[Task] I'd like the number of lines in the material below that include the word "mxGraphModel", written with no other text.

[Data under study]
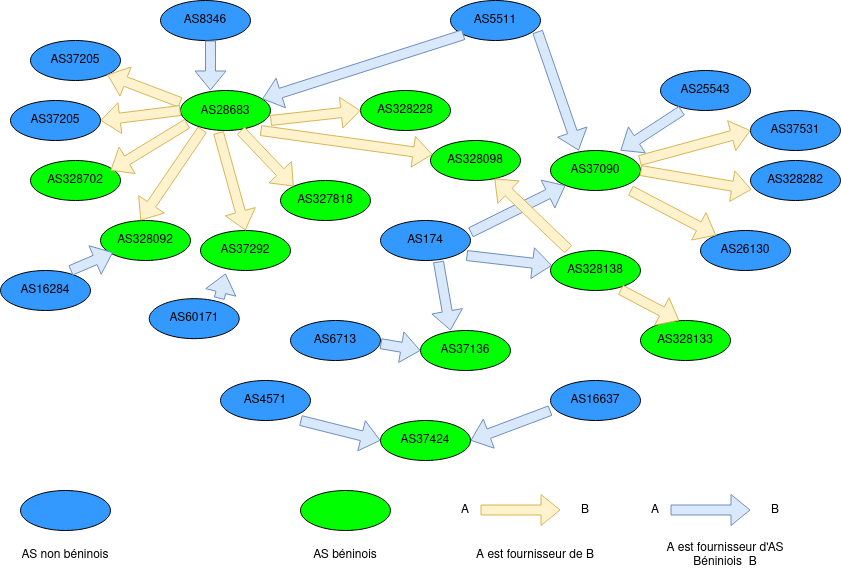

The diagram above was exported from draw.io. Its source (the exported page's mxGraphModel, read from the mxfile embedded in the PNG):
<mxGraphModel dx="740" dy="710" grid="1" gridSize="10" guides="1" tooltips="1" connect="1" arrows="1" fold="1" page="1" pageScale="1" pageWidth="850" pageHeight="1100" math="0" shadow="0">
  <root>
    <mxCell id="0" />
    <mxCell id="1" parent="0" />
    <mxCell id="wj4pcTLZQNHlyfGdktaS-2" value="AS&lt;span style=&quot;font-size: 12px ; color: #000000 ; font-weight: normal ; text-decoration: none ; font-family: &amp;#34;arial&amp;#34; ; font-style: normal&quot;&gt;28683&lt;/span&gt;" style="ellipse;whiteSpace=wrap;html=1;fillColor=#00FF00;" vertex="1" parent="1">
      <mxGeometry x="190" y="120" width="90" height="40" as="geometry" />
    </mxCell>
    <mxCell id="wj4pcTLZQNHlyfGdktaS-3" value="&lt;div&gt;AS8346&lt;/div&gt;" style="ellipse;whiteSpace=wrap;html=1;fillColor=#3399FF;" vertex="1" parent="1">
      <mxGeometry x="170" y="30" width="90" height="40" as="geometry" />
    </mxCell>
    <mxCell id="wj4pcTLZQNHlyfGdktaS-4" value="&lt;div&gt;AS37205&lt;/div&gt;" style="ellipse;whiteSpace=wrap;html=1;fillColor=#3399FF;" vertex="1" parent="1">
      <mxGeometry x="40" y="70" width="90" height="40" as="geometry" />
    </mxCell>
    <mxCell id="wj4pcTLZQNHlyfGdktaS-5" value="&lt;div&gt;AS5511&lt;/div&gt;" style="ellipse;whiteSpace=wrap;html=1;fillColor=#3399FF;" vertex="1" parent="1">
      <mxGeometry x="460" y="30" width="90" height="40" as="geometry" />
    </mxCell>
    <mxCell id="wj4pcTLZQNHlyfGdktaS-6" value="" style="shape=flexArrow;endArrow=classic;html=1;rounded=0;entryX=0.333;entryY=0;entryDx=0;entryDy=0;entryPerimeter=0;fillColor=#dae8fc;strokeColor=#6c8ebf;" edge="1" parent="1" target="wj4pcTLZQNHlyfGdktaS-2">
      <mxGeometry width="50" height="50" relative="1" as="geometry">
        <mxPoint x="220" y="70" as="sourcePoint" />
        <mxPoint x="190" y="130" as="targetPoint" />
      </mxGeometry>
    </mxCell>
    <mxCell id="wj4pcTLZQNHlyfGdktaS-7" value="" style="shape=flexArrow;endArrow=classic;html=1;rounded=0;exitX=0;exitY=1;exitDx=0;exitDy=0;fillColor=#dae8fc;strokeColor=#6c8ebf;" edge="1" parent="1" source="wj4pcTLZQNHlyfGdktaS-5" target="wj4pcTLZQNHlyfGdktaS-2">
      <mxGeometry width="50" height="50" relative="1" as="geometry">
        <mxPoint x="320" y="80" as="sourcePoint" />
        <mxPoint x="237.98000000000002" y="128" as="targetPoint" />
      </mxGeometry>
    </mxCell>
    <mxCell id="wj4pcTLZQNHlyfGdktaS-8" value="AS328138" style="ellipse;whiteSpace=wrap;html=1;fillColor=#00FF00;" vertex="1" parent="1">
      <mxGeometry x="560" y="280" width="90" height="40" as="geometry" />
    </mxCell>
    <mxCell id="wj4pcTLZQNHlyfGdktaS-9" value="AS37090" style="ellipse;whiteSpace=wrap;html=1;fillColor=#00FF00;" vertex="1" parent="1">
      <mxGeometry x="560" y="180" width="90" height="40" as="geometry" />
    </mxCell>
    <mxCell id="wj4pcTLZQNHlyfGdktaS-10" value="" style="shape=flexArrow;endArrow=classic;html=1;rounded=0;exitX=0.967;exitY=0.775;exitDx=0;exitDy=0;exitPerimeter=0;fillColor=#dae8fc;strokeColor=#6c8ebf;" edge="1" parent="1" source="wj4pcTLZQNHlyfGdktaS-5">
      <mxGeometry width="50" height="50" relative="1" as="geometry">
        <mxPoint x="534.96" y="134" as="sourcePoint" />
        <mxPoint x="588.1800000000001" y="180" as="targetPoint" />
      </mxGeometry>
    </mxCell>
    <mxCell id="wj4pcTLZQNHlyfGdktaS-11" value="&lt;div&gt;AS25543&lt;/div&gt;" style="ellipse;whiteSpace=wrap;html=1;fillColor=#3399FF;" vertex="1" parent="1">
      <mxGeometry x="670" y="100" width="90" height="40" as="geometry" />
    </mxCell>
    <mxCell id="wj4pcTLZQNHlyfGdktaS-12" value="" style="shape=flexArrow;endArrow=classic;html=1;rounded=0;exitX=0;exitY=1;exitDx=0;exitDy=0;fillColor=#dae8fc;strokeColor=#6c8ebf;" edge="1" parent="1">
      <mxGeometry width="50" height="50" relative="1" as="geometry">
        <mxPoint x="691.4501948466052" y="140.00213562373096" as="sourcePoint" />
        <mxPoint x="630" y="180" as="targetPoint" />
      </mxGeometry>
    </mxCell>
    <mxCell id="wj4pcTLZQNHlyfGdktaS-13" value="&lt;div&gt;AS174&lt;/div&gt;" style="ellipse;whiteSpace=wrap;html=1;fillColor=#3399FF;" vertex="1" parent="1">
      <mxGeometry x="390" y="250" width="90" height="40" as="geometry" />
    </mxCell>
    <mxCell id="wj4pcTLZQNHlyfGdktaS-14" value="" style="shape=flexArrow;endArrow=classic;html=1;rounded=0;exitX=1;exitY=0.3;exitDx=0;exitDy=0;exitPerimeter=0;fillColor=#dae8fc;strokeColor=#6c8ebf;" edge="1" parent="1" source="wj4pcTLZQNHlyfGdktaS-13" target="wj4pcTLZQNHlyfGdktaS-9">
      <mxGeometry width="50" height="50" relative="1" as="geometry">
        <mxPoint x="520" y="240" as="sourcePoint" />
        <mxPoint x="570" y="190" as="targetPoint" />
      </mxGeometry>
    </mxCell>
    <mxCell id="wj4pcTLZQNHlyfGdktaS-15" value="" style="shape=flexArrow;endArrow=classic;html=1;rounded=0;exitX=0.956;exitY=0.875;exitDx=0;exitDy=0;exitPerimeter=0;fillColor=#dae8fc;strokeColor=#6c8ebf;" edge="1" parent="1" source="wj4pcTLZQNHlyfGdktaS-13" target="wj4pcTLZQNHlyfGdktaS-8">
      <mxGeometry width="50" height="50" relative="1" as="geometry">
        <mxPoint x="500" y="325" as="sourcePoint" />
        <mxPoint x="550" y="275" as="targetPoint" />
      </mxGeometry>
    </mxCell>
    <mxCell id="wj4pcTLZQNHlyfGdktaS-16" value="AS37531" style="ellipse;whiteSpace=wrap;html=1;fillColor=#3399FF;" vertex="1" parent="1">
      <mxGeometry x="760" y="140" width="90" height="40" as="geometry" />
    </mxCell>
    <mxCell id="wj4pcTLZQNHlyfGdktaS-17" value="AS328282" style="ellipse;whiteSpace=wrap;html=1;fillColor=#3399FF;" vertex="1" parent="1">
      <mxGeometry x="760" y="190" width="90" height="40" as="geometry" />
    </mxCell>
    <mxCell id="wj4pcTLZQNHlyfGdktaS-18" value="AS26130" style="ellipse;whiteSpace=wrap;html=1;fillColor=#3399FF;" vertex="1" parent="1">
      <mxGeometry x="710" y="260" width="90" height="40" as="geometry" />
    </mxCell>
    <mxCell id="wj4pcTLZQNHlyfGdktaS-19" value="AS328133" style="ellipse;whiteSpace=wrap;html=1;fillColor=#00FF00;" vertex="1" parent="1">
      <mxGeometry x="650" y="350" width="90" height="40" as="geometry" />
    </mxCell>
    <mxCell id="wj4pcTLZQNHlyfGdktaS-20" value="AS328098" style="ellipse;whiteSpace=wrap;html=1;fillColor=#00FF00;" vertex="1" parent="1">
      <mxGeometry x="440" y="170" width="90" height="40" as="geometry" />
    </mxCell>
    <mxCell id="wj4pcTLZQNHlyfGdktaS-21" value="" style="shape=flexArrow;endArrow=classic;html=1;rounded=0;exitX=1;exitY=1;exitDx=0;exitDy=0;fillColor=#fff2cc;strokeColor=#d6b656;" edge="1" parent="1" target="wj4pcTLZQNHlyfGdktaS-18">
      <mxGeometry width="50" height="50" relative="1" as="geometry">
        <mxPoint x="639.9998051533948" y="220.00213562373096" as="sourcePoint" />
        <mxPoint x="698.660263755226" y="250.76468032937692" as="targetPoint" />
      </mxGeometry>
    </mxCell>
    <mxCell id="wj4pcTLZQNHlyfGdktaS-22" value="" style="shape=flexArrow;endArrow=classic;html=1;rounded=0;exitX=1;exitY=1;exitDx=0;exitDy=0;entryX=0.011;entryY=0.725;entryDx=0;entryDy=0;entryPerimeter=0;fillColor=#fff2cc;strokeColor=#d6b656;" edge="1" parent="1" target="wj4pcTLZQNHlyfGdktaS-17">
      <mxGeometry width="50" height="50" relative="1" as="geometry">
        <mxPoint x="649.9998051533948" y="200.00213562373096" as="sourcePoint" />
        <mxPoint x="735.5354421953125" y="244.88340077846476" as="targetPoint" />
      </mxGeometry>
    </mxCell>
    <mxCell id="wj4pcTLZQNHlyfGdktaS-23" value="" style="shape=flexArrow;endArrow=classic;html=1;rounded=0;exitX=1;exitY=1;exitDx=0;exitDy=0;fillColor=#fff2cc;strokeColor=#d6b656;" edge="1" parent="1">
      <mxGeometry width="50" height="50" relative="1" as="geometry">
        <mxPoint x="649.0098051533948" y="190.00213562373096" as="sourcePoint" />
        <mxPoint x="760" y="160" as="targetPoint" />
      </mxGeometry>
    </mxCell>
    <mxCell id="wj4pcTLZQNHlyfGdktaS-24" value="" style="shape=flexArrow;endArrow=classic;html=1;rounded=0;exitX=1;exitY=1;exitDx=0;exitDy=0;fillColor=#fff2cc;strokeColor=#d6b656;" edge="1" parent="1">
      <mxGeometry width="50" height="50" relative="1" as="geometry">
        <mxPoint x="629.9998051533948" y="319.242135623731" as="sourcePoint" />
        <mxPoint x="688.660263755226" y="350.0046803293769" as="targetPoint" />
      </mxGeometry>
    </mxCell>
    <mxCell id="wj4pcTLZQNHlyfGdktaS-25" value="" style="shape=flexArrow;endArrow=classic;html=1;rounded=0;exitX=0.2;exitY=-0.025;exitDx=0;exitDy=0;exitPerimeter=0;fillColor=#fff2cc;strokeColor=#d6b656;" edge="1" parent="1" source="wj4pcTLZQNHlyfGdktaS-8" target="wj4pcTLZQNHlyfGdktaS-20">
      <mxGeometry width="50" height="50" relative="1" as="geometry">
        <mxPoint x="575.6698051533949" y="320.00213562373096" as="sourcePoint" />
        <mxPoint x="634.3302637552259" y="350.7646803293769" as="targetPoint" />
      </mxGeometry>
    </mxCell>
    <mxCell id="wj4pcTLZQNHlyfGdktaS-26" value="" style="shape=flexArrow;endArrow=classic;html=1;rounded=0;entryX=1;entryY=1;entryDx=0;entryDy=0;exitX=0;exitY=0.3;exitDx=0;exitDy=0;exitPerimeter=0;fillColor=#fff2cc;strokeColor=#d6b656;" edge="1" parent="1" source="wj4pcTLZQNHlyfGdktaS-2" target="wj4pcTLZQNHlyfGdktaS-4">
      <mxGeometry width="50" height="50" relative="1" as="geometry">
        <mxPoint x="130.03" y="120" as="sourcePoint" />
        <mxPoint x="130.00000000000003" y="170" as="targetPoint" />
      </mxGeometry>
    </mxCell>
    <mxCell id="wj4pcTLZQNHlyfGdktaS-27" value="AS328702" style="ellipse;whiteSpace=wrap;html=1;fillColor=#00FF00;" vertex="1" parent="1">
      <mxGeometry x="40" y="190" width="90" height="40" as="geometry" />
    </mxCell>
    <mxCell id="wj4pcTLZQNHlyfGdktaS-28" value="" style="shape=flexArrow;endArrow=classic;html=1;rounded=0;entryX=1;entryY=0.5;entryDx=0;entryDy=0;exitX=0;exitY=0.5;exitDx=0;exitDy=0;fillColor=#fff2cc;strokeColor=#d6b656;" edge="1" parent="1" source="wj4pcTLZQNHlyfGdktaS-2" target="wj4pcTLZQNHlyfGdktaS-29">
      <mxGeometry width="50" height="50" relative="1" as="geometry">
        <mxPoint x="183.18" y="197.86" as="sourcePoint" />
        <mxPoint x="109.99980515339468" y="170.00213562373096" as="targetPoint" />
      </mxGeometry>
    </mxCell>
    <mxCell id="wj4pcTLZQNHlyfGdktaS-29" value="&lt;div&gt;AS37205&lt;/div&gt;" style="ellipse;whiteSpace=wrap;html=1;fillColor=#3399FF;" vertex="1" parent="1">
      <mxGeometry x="20" y="130" width="90" height="40" as="geometry" />
    </mxCell>
    <mxCell id="wj4pcTLZQNHlyfGdktaS-30" value="" style="shape=flexArrow;endArrow=classic;html=1;rounded=0;entryX=1;entryY=0.5;entryDx=0;entryDy=0;exitX=0.078;exitY=0.825;exitDx=0;exitDy=0;exitPerimeter=0;fillColor=#fff2cc;strokeColor=#d6b656;" edge="1" parent="1" source="wj4pcTLZQNHlyfGdktaS-2">
      <mxGeometry width="50" height="50" relative="1" as="geometry">
        <mxPoint x="200" y="190" as="sourcePoint" />
        <mxPoint x="120" y="200" as="targetPoint" />
      </mxGeometry>
    </mxCell>
    <mxCell id="wj4pcTLZQNHlyfGdktaS-31" value="AS328092" style="ellipse;whiteSpace=wrap;html=1;fillColor=#00FF00;" vertex="1" parent="1">
      <mxGeometry x="110" y="250" width="90" height="40" as="geometry" />
    </mxCell>
    <mxCell id="wj4pcTLZQNHlyfGdktaS-32" value="" style="shape=flexArrow;endArrow=classic;html=1;rounded=0;entryX=1;entryY=0.5;entryDx=0;entryDy=0;exitX=0.244;exitY=0.975;exitDx=0;exitDy=0;exitPerimeter=0;fillColor=#fff2cc;strokeColor=#d6b656;" edge="1" parent="1" source="wj4pcTLZQNHlyfGdktaS-2">
      <mxGeometry width="50" height="50" relative="1" as="geometry">
        <mxPoint x="227.01999999999998" y="203" as="sourcePoint" />
        <mxPoint x="150" y="250" as="targetPoint" />
      </mxGeometry>
    </mxCell>
    <mxCell id="wj4pcTLZQNHlyfGdktaS-33" value="AS16284" style="ellipse;whiteSpace=wrap;html=1;fillColor=#3399FF;" vertex="1" parent="1">
      <mxGeometry x="10" y="300" width="90" height="40" as="geometry" />
    </mxCell>
    <mxCell id="wj4pcTLZQNHlyfGdktaS-34" value="" style="shape=flexArrow;endArrow=classic;html=1;rounded=0;exitX=1;exitY=0.3;exitDx=0;exitDy=0;exitPerimeter=0;fillColor=#dae8fc;strokeColor=#6c8ebf;" edge="1" parent="1">
      <mxGeometry width="50" height="50" relative="1" as="geometry">
        <mxPoint x="80" y="300" as="sourcePoint" />
        <mxPoint x="122.53757055360711" y="281.8506365637942" as="targetPoint" />
      </mxGeometry>
    </mxCell>
    <mxCell id="wj4pcTLZQNHlyfGdktaS-35" value="AS328228" style="ellipse;whiteSpace=wrap;html=1;fillColor=#00FF00;" vertex="1" parent="1">
      <mxGeometry x="370" y="120" width="90" height="40" as="geometry" />
    </mxCell>
    <mxCell id="wj4pcTLZQNHlyfGdktaS-36" value="" style="shape=flexArrow;endArrow=classic;html=1;rounded=0;entryX=0;entryY=0.5;entryDx=0;entryDy=0;fillColor=#fff2cc;strokeColor=#d6b656;" edge="1" parent="1" target="wj4pcTLZQNHlyfGdktaS-35">
      <mxGeometry width="50" height="50" relative="1" as="geometry">
        <mxPoint x="280" y="150" as="sourcePoint" />
        <mxPoint x="240.00000000000003" y="210" as="targetPoint" />
      </mxGeometry>
    </mxCell>
    <mxCell id="wj4pcTLZQNHlyfGdktaS-37" value="AS327818" style="ellipse;whiteSpace=wrap;html=1;fillColor=#00FF00;" vertex="1" parent="1">
      <mxGeometry x="290" y="210" width="90" height="40" as="geometry" />
    </mxCell>
    <mxCell id="wj4pcTLZQNHlyfGdktaS-38" value="" style="shape=flexArrow;endArrow=classic;html=1;rounded=0;entryX=0;entryY=0;entryDx=0;entryDy=0;fillColor=#fff2cc;strokeColor=#d6b656;" edge="1" parent="1" target="wj4pcTLZQNHlyfGdktaS-37">
      <mxGeometry width="50" height="50" relative="1" as="geometry">
        <mxPoint x="250" y="160" as="sourcePoint" />
        <mxPoint x="318.6602637552259" y="190.76468032937692" as="targetPoint" />
      </mxGeometry>
    </mxCell>
    <mxCell id="wj4pcTLZQNHlyfGdktaS-39" value="AS37292" style="ellipse;whiteSpace=wrap;html=1;fillColor=#00FF00;" vertex="1" parent="1">
      <mxGeometry x="210" y="260" width="90" height="40" as="geometry" />
    </mxCell>
    <mxCell id="wj4pcTLZQNHlyfGdktaS-40" value="" style="shape=flexArrow;endArrow=classic;html=1;rounded=0;exitX=0.422;exitY=1.05;exitDx=0;exitDy=0;exitPerimeter=0;entryX=0.5;entryY=0;entryDx=0;entryDy=0;fillColor=#fff2cc;strokeColor=#d6b656;" edge="1" parent="1" source="wj4pcTLZQNHlyfGdktaS-2" target="wj4pcTLZQNHlyfGdktaS-39">
      <mxGeometry width="50" height="50" relative="1" as="geometry">
        <mxPoint x="310.00000000000006" y="160" as="sourcePoint" />
        <mxPoint x="320" y="260" as="targetPoint" />
      </mxGeometry>
    </mxCell>
    <mxCell id="wj4pcTLZQNHlyfGdktaS-41" value="" style="shape=flexArrow;endArrow=classic;html=1;rounded=0;fillColor=#fff2cc;strokeColor=#d6b656;" edge="1" parent="1" target="wj4pcTLZQNHlyfGdktaS-20">
      <mxGeometry width="50" height="50" relative="1" as="geometry">
        <mxPoint x="270" y="160" as="sourcePoint" />
        <mxPoint x="333.1801948466052" y="255.85786437626894" as="targetPoint" />
      </mxGeometry>
    </mxCell>
    <mxCell id="wj4pcTLZQNHlyfGdktaS-42" value="AS60171" style="ellipse;whiteSpace=wrap;html=1;fillColor=#3399FF;" vertex="1" parent="1">
      <mxGeometry x="158.73" y="328.15" width="90" height="40" as="geometry" />
    </mxCell>
    <mxCell id="wj4pcTLZQNHlyfGdktaS-43" value="" style="shape=flexArrow;endArrow=classic;html=1;rounded=0;exitX=1;exitY=0.3;exitDx=0;exitDy=0;exitPerimeter=0;entryX=0.278;entryY=1.075;entryDx=0;entryDy=0;entryPerimeter=0;fillColor=#dae8fc;strokeColor=#6c8ebf;" edge="1" parent="1" target="wj4pcTLZQNHlyfGdktaS-39">
      <mxGeometry width="50" height="50" relative="1" as="geometry">
        <mxPoint x="228.73" y="328.15" as="sourcePoint" />
        <mxPoint x="271.26757055360713" y="310.00063656379416" as="targetPoint" />
      </mxGeometry>
    </mxCell>
    <mxCell id="wj4pcTLZQNHlyfGdktaS-44" value="AS37136" style="ellipse;whiteSpace=wrap;html=1;fillColor=#00FF00;" vertex="1" parent="1">
      <mxGeometry x="430" y="360" width="90" height="40" as="geometry" />
    </mxCell>
    <mxCell id="wj4pcTLZQNHlyfGdktaS-45" value="AS6713" style="ellipse;whiteSpace=wrap;html=1;fillColor=#3399FF;" vertex="1" parent="1">
      <mxGeometry x="300" y="350" width="90" height="40" as="geometry" />
    </mxCell>
    <mxCell id="wj4pcTLZQNHlyfGdktaS-46" value="" style="shape=flexArrow;endArrow=classic;html=1;rounded=0;entryX=0;entryY=0.5;entryDx=0;entryDy=0;fillColor=#dae8fc;strokeColor=#6c8ebf;" edge="1" parent="1" target="wj4pcTLZQNHlyfGdktaS-44">
      <mxGeometry width="50" height="50" relative="1" as="geometry">
        <mxPoint x="390" y="373.15" as="sourcePoint" />
        <mxPoint x="440" y="323.15" as="targetPoint" />
      </mxGeometry>
    </mxCell>
    <mxCell id="wj4pcTLZQNHlyfGdktaS-47" value="" style="shape=flexArrow;endArrow=classic;html=1;rounded=0;exitX=0.644;exitY=1.025;exitDx=0;exitDy=0;exitPerimeter=0;fillColor=#dae8fc;strokeColor=#6c8ebf;" edge="1" parent="1" source="wj4pcTLZQNHlyfGdktaS-13">
      <mxGeometry width="50" height="50" relative="1" as="geometry">
        <mxPoint x="420" y="350" as="sourcePoint" />
        <mxPoint x="460" y="360" as="targetPoint" />
      </mxGeometry>
    </mxCell>
    <mxCell id="wj4pcTLZQNHlyfGdktaS-48" value="AS37424" style="ellipse;whiteSpace=wrap;html=1;fillColor=#00FF00;" vertex="1" parent="1">
      <mxGeometry x="390" y="450" width="90" height="40" as="geometry" />
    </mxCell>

[Problem solution] 2